I’m not brave or smart enough to come up with a list of the best five or ten books for the first half of the year. I can, however, provide a summary of my reading to date and what’s impressed me.
So far, I’ve read 64 books, equally divided between fiction and nonfiction totaling just more than 20,300 pages. Twelve were works in translation and, showing how far I’ve gone to the dark side, nearly three-quarters have been ebooks and only six have come from the library.
On the nonfiction side, my favorites of the books I’ve read this year would probably be Diary of a Man in Despair by Friedrich Reck, a diary of life in Nazi Germany from May 1936 through October 1944, and Mark Kurlansky’s Nonviolence: The History of a Dangerous Idea, a brief but worthwhile look at the concept of nonviolence as an idea, not a strategy. And although I though several of her earlier works were better, I probably would give Mary Roach’s Gulp: Adventures on the Alimentary Canal an honorable mention simply because I love the way she writes about science (in other words, helping me understand without making my brain hurt).

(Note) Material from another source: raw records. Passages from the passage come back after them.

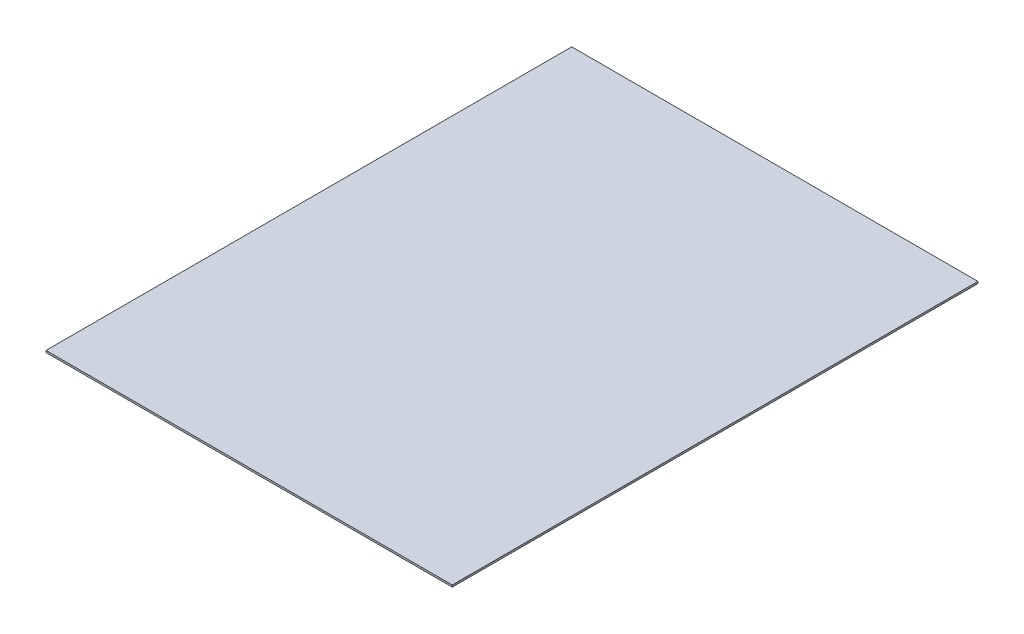
ISO-10303-21;
HEADER;
FILE_DESCRIPTION(('STEP AP214'),'2;1');
FILE_NAME('part.step','',(''),(''),'','','');
FILE_SCHEMA(('AUTOMOTIVE_DESIGN { 1 0 10303 214 1 1 1 1 }'));
ENDSEC;
DATA;
#1=APPLICATION_CONTEXT('core data for automotive mechanical design processes');
#2=APPLICATION_PROTOCOL_DEFINITION('international standard','automotive_design',2000,#1);
#3=PRODUCT_CONTEXT('',#1,'mechanical');
#4=PRODUCT('Part','Part','',(#3));
#5=PRODUCT_RELATED_PRODUCT_CATEGORY('part','',(#4));
#6=PRODUCT_DEFINITION_FORMATION('','',#4);
#7=PRODUCT_DEFINITION_CONTEXT('part definition',#1,'design');
#8=PRODUCT_DEFINITION('design','',#6,#7);
#9=PRODUCT_DEFINITION_SHAPE('','',#8);
#10=(LENGTH_UNIT() NAMED_UNIT(*) SI_UNIT(.MILLI.,.METRE.));
#11=(NAMED_UNIT(*) PLANE_ANGLE_UNIT() SI_UNIT($,.RADIAN.));
#12=(NAMED_UNIT(*) SI_UNIT($,.STERADIAN.) SOLID_ANGLE_UNIT());
#13=UNCERTAINTY_MEASURE_WITH_UNIT(LENGTH_MEASURE(1.E-05),#10,'distance_accuracy_value','');
#14=(GEOMETRIC_REPRESENTATION_CONTEXT(3) GLOBAL_UNCERTAINTY_ASSIGNED_CONTEXT((#13)) GLOBAL_UNIT_ASSIGNED_CONTEXT((#10,
#11,#12)) REPRESENTATION_CONTEXT('',''));
#15=CARTESIAN_POINT('',(0.,0.,0.));
#16=DIRECTION('',(0.,0.,1.));
#17=DIRECTION('',(1.,0.,0.));
#18=AXIS2_PLACEMENT_3D('',#15,#16,#17);
#19=CARTESIAN_POINT('',(-107.95,1.,-139.7));
#20=DIRECTION('',(1.,0.,0.));
#21=DIRECTION('',(0.,0.,-1.));
#22=AXIS2_PLACEMENT_3D('',#19,#20,#21);
#23=PLANE('',#22);
#24=DIRECTION('',(0.,0.,1.));
#25=VECTOR('',#24,1.);
#26=CARTESIAN_POINT('',(-107.95,0.,-139.7));
#27=LINE('',#26,#25);
#28=CARTESIAN_POINT('',(-107.95,0.,-139.7));
#29=VERTEX_POINT('',#28);
#30=CARTESIAN_POINT('',(-107.95,0.,139.7));
#31=VERTEX_POINT('',#30);
#32=EDGE_CURVE('E103',#29,#31,#27,.T.);
#33=ORIENTED_EDGE('',*,*,#32,.T.);
#34=DIRECTION('',(0.,-1.,0.));
#35=VECTOR('',#34,1.);
#36=CARTESIAN_POINT('',(-107.95,1.,139.7));
#37=LINE('',#36,#35);
#38=CARTESIAN_POINT('',(-107.95,1.,139.7));
#39=VERTEX_POINT('',#38);
#40=EDGE_CURVE('E11',#39,#31,#37,.T.);
#41=ORIENTED_EDGE('',*,*,#40,.F.);
#42=DIRECTION('',(0.,0.,1.));
#43=VECTOR('',#42,1.);
#44=CARTESIAN_POINT('',(-107.95,1.,-139.7));
#45=LINE('',#44,#43);
#46=CARTESIAN_POINT('',(-107.95,1.,-139.7));
#47=VERTEX_POINT('',#46);
#48=EDGE_CURVE('E91',#47,#39,#45,.T.);
#49=ORIENTED_EDGE('',*,*,#48,.F.);
#50=DIRECTION('',(0.,-1.,0.));
#51=VECTOR('',#50,1.);
#52=CARTESIAN_POINT('',(-107.95,1.,-139.7));
#53=LINE('',#52,#51);
#54=EDGE_CURVE('E99',#47,#29,#53,.T.);
#55=ORIENTED_EDGE('',*,*,#54,.T.);
#56=EDGE_LOOP('',(#33,#41,#49,#55));
#57=FACE_BOUND('',#56,.T.);
#58=ADVANCED_FACE('F40',(#57),#23,.F.);
#59=CARTESIAN_POINT('',(107.95,1.,139.7));
#60=DIRECTION('',(0.,0.,-1.));
#61=DIRECTION('',(-1.,0.,0.));
#62=AXIS2_PLACEMENT_3D('',#59,#60,#61);
#63=PLANE('',#62);
#64=DIRECTION('',(1.,0.,0.));
#65=VECTOR('',#64,1.);
#66=CARTESIAN_POINT('',(107.95,0.,139.7));
#67=LINE('',#66,#65);
#68=CARTESIAN_POINT('',(107.95,0.,139.7));
#69=VERTEX_POINT('',#68);
#70=EDGE_CURVE('E95',#31,#69,#67,.T.);
#71=ORIENTED_EDGE('',*,*,#70,.T.);
#72=DIRECTION('',(0.,-1.,0.));
#73=VECTOR('',#72,1.);
#74=CARTESIAN_POINT('',(107.95,1.,139.7));
#75=LINE('',#74,#73);
#76=CARTESIAN_POINT('',(107.95,1.,139.7));
#77=VERTEX_POINT('',#76);
#78=EDGE_CURVE('E48',#77,#69,#75,.T.);
#79=ORIENTED_EDGE('',*,*,#78,.F.);
#80=DIRECTION('',(1.,0.,0.));
#81=VECTOR('',#80,1.);
#82=CARTESIAN_POINT('',(107.95,1.,139.7));
#83=LINE('',#82,#81);
#84=EDGE_CURVE('E86',#39,#77,#83,.T.);
#85=ORIENTED_EDGE('',*,*,#84,.F.);
#86=ORIENTED_EDGE('',*,*,#40,.T.);
#87=EDGE_LOOP('',(#71,#79,#85,#86));
#88=FACE_BOUND('',#87,.T.);
#89=ADVANCED_FACE('F94',(#88),#63,.F.);
#90=CARTESIAN_POINT('',(107.95,1.,-139.7));
#91=DIRECTION('',(-1.,0.,0.));
#92=DIRECTION('',(0.,0.,1.));
#93=AXIS2_PLACEMENT_3D('',#90,#91,#92);
#94=PLANE('',#93);
#95=DIRECTION('',(0.,0.,-1.));
#96=VECTOR('',#95,1.);
#97=CARTESIAN_POINT('',(107.95,0.,-139.7));
#98=LINE('',#97,#96);
#99=CARTESIAN_POINT('',(107.95,0.,-139.7));
#100=VERTEX_POINT('',#99);
#101=EDGE_CURVE('E73',#69,#100,#98,.T.);
#102=ORIENTED_EDGE('',*,*,#101,.T.);
#103=DIRECTION('',(0.,-1.,0.));
#104=VECTOR('',#103,1.);
#105=CARTESIAN_POINT('',(107.95,1.,-139.7));
#106=LINE('',#105,#104);
#107=CARTESIAN_POINT('',(107.95,1.,-139.7));
#108=VERTEX_POINT('',#107);
#109=EDGE_CURVE('E96',#108,#100,#106,.T.);
#110=ORIENTED_EDGE('',*,*,#109,.F.);
#111=DIRECTION('',(0.,0.,-1.));
#112=VECTOR('',#111,1.);
#113=CARTESIAN_POINT('',(107.95,1.,-139.7));
#114=LINE('',#113,#112);
#115=EDGE_CURVE('E89',#77,#108,#114,.T.);
#116=ORIENTED_EDGE('',*,*,#115,.F.);
#117=ORIENTED_EDGE('',*,*,#78,.T.);
#118=EDGE_LOOP('',(#102,#110,#116,#117));
#119=FACE_BOUND('',#118,.T.);
#120=ADVANCED_FACE('F97',(#119),#94,.F.);
#121=CARTESIAN_POINT('',(107.95,1.,-139.7));
#122=DIRECTION('',(0.,0.,1.));
#123=DIRECTION('',(1.,0.,0.));
#124=AXIS2_PLACEMENT_3D('',#121,#122,#123);
#125=PLANE('',#124);
#126=DIRECTION('',(-1.,0.,0.));
#127=VECTOR('',#126,1.);
#128=CARTESIAN_POINT('',(107.95,0.,-139.7));
#129=LINE('',#128,#127);
#130=EDGE_CURVE('E79',#100,#29,#129,.T.);
#131=ORIENTED_EDGE('',*,*,#130,.T.);
#132=ORIENTED_EDGE('',*,*,#54,.F.);
#133=DIRECTION('',(-1.,0.,0.));
#134=VECTOR('',#133,1.);
#135=CARTESIAN_POINT('',(107.95,1.,-139.7));
#136=LINE('',#135,#134);
#137=EDGE_CURVE('E56',#108,#47,#136,.T.);
#138=ORIENTED_EDGE('',*,*,#137,.F.);
#139=ORIENTED_EDGE('',*,*,#109,.T.);
#140=EDGE_LOOP('',(#131,#132,#138,#139));
#141=FACE_BOUND('',#140,.T.);
#142=ADVANCED_FACE('F110',(#141),#125,.F.);
#143=CARTESIAN_POINT('',(0.,1.,0.));
#144=DIRECTION('',(0.,-1.,0.));
#145=DIRECTION('',(0.,0.,-1.));
#146=AXIS2_PLACEMENT_3D('',#143,#144,#145);
#147=PLANE('',#146);
#148=ORIENTED_EDGE('',*,*,#48,.T.);
#149=ORIENTED_EDGE('',*,*,#84,.T.);
#150=ORIENTED_EDGE('',*,*,#115,.T.);
#151=ORIENTED_EDGE('',*,*,#137,.T.);
#152=EDGE_LOOP('',(#148,#149,#150,#151));
#153=FACE_BOUND('',#152,.T.);
#154=ADVANCED_FACE('F87',(#153),#147,.F.);
#155=CARTESIAN_POINT('',(0.,0.,0.));
#156=DIRECTION('',(0.,-1.,0.));
#157=DIRECTION('',(0.,0.,-1.));
#158=AXIS2_PLACEMENT_3D('',#155,#156,#157);
#159=PLANE('',#158);
#160=ORIENTED_EDGE('',*,*,#32,.F.);
#161=ORIENTED_EDGE('',*,*,#130,.F.);
#162=ORIENTED_EDGE('',*,*,#101,.F.);
#163=ORIENTED_EDGE('',*,*,#70,.F.);
#164=EDGE_LOOP('',(#160,#161,#162,#163));
#165=FACE_BOUND('',#164,.T.);
#166=ADVANCED_FACE('F113',(#165),#159,.T.);
#167=CLOSED_SHELL('',(#58,#89,#120,#142,#154,#166));
#168=MANIFOLD_SOLID_BREP('B2',#167);
#169=ADVANCED_BREP_SHAPE_REPRESENTATION('',(#18,#168),#14);
#170=SHAPE_DEFINITION_REPRESENTATION(#9,#169);
ENDSEC;
END-ISO-10303-21;

Foreign works head the fiction list. Stefan Zweig’s The Post-Office Girl is about a female post-office clerk struggling with life in 1920s Germany while George Simenon’s The Train is about a man who is separated from his wife and daughter while being evacuated on a train in 1940s France and then becomes enamored with a young Czech woman. Both have an existential ambiance, which may be what drew me in. The other book I probably should have read before — A Lesson Before Dying by Ernest J. Gaines. The setting and look at being black in the South in the 1940s is reminiscent of, but more direct than, To Kill a Mockingbird.
Perhaps one other item of note. Of these books, only Gulp and Diary of a Man in Despair were published this year and the latter actually is a reprint from New York Review Classics.
I have no more to say except this: We must live with our own conscience.